Data extract
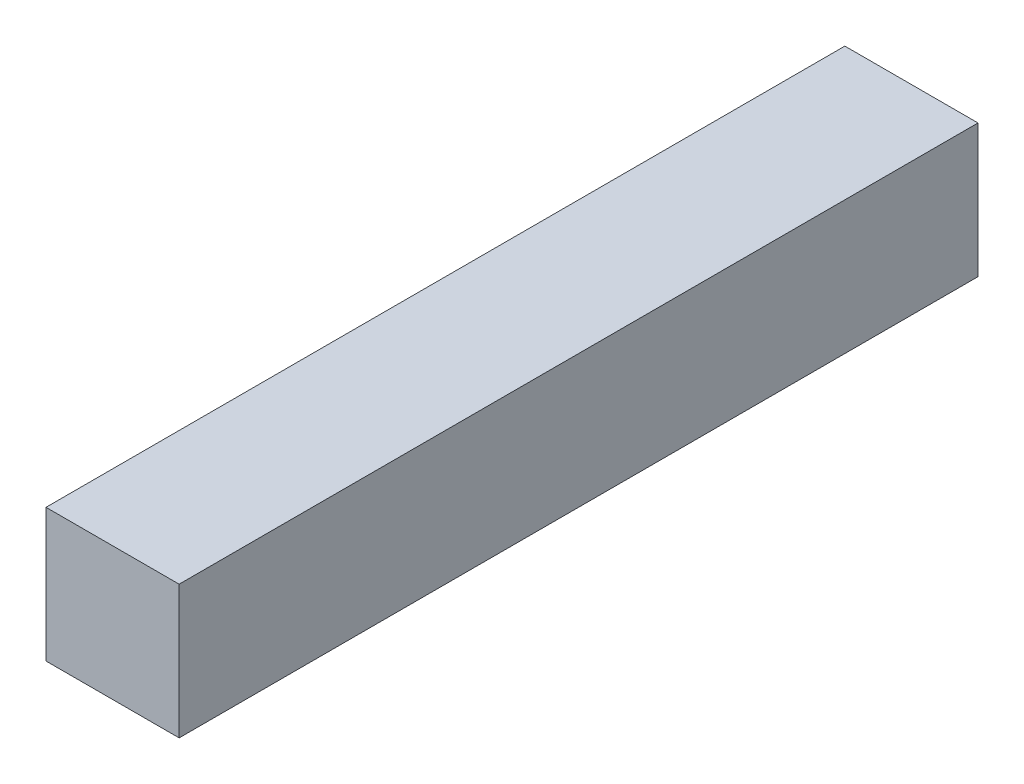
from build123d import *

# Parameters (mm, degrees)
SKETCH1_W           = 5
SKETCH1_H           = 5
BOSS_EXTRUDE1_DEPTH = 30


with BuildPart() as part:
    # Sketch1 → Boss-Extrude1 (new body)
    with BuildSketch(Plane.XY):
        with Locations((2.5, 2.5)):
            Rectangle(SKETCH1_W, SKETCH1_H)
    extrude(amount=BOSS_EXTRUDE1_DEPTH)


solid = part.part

Aim of the exercise
From the records above, pull every line that carries the word "with".

Completed exercise
with BuildPart() as part:
    with BuildSketch(Plane.XY):
        with Locations((2.5, 2.5)):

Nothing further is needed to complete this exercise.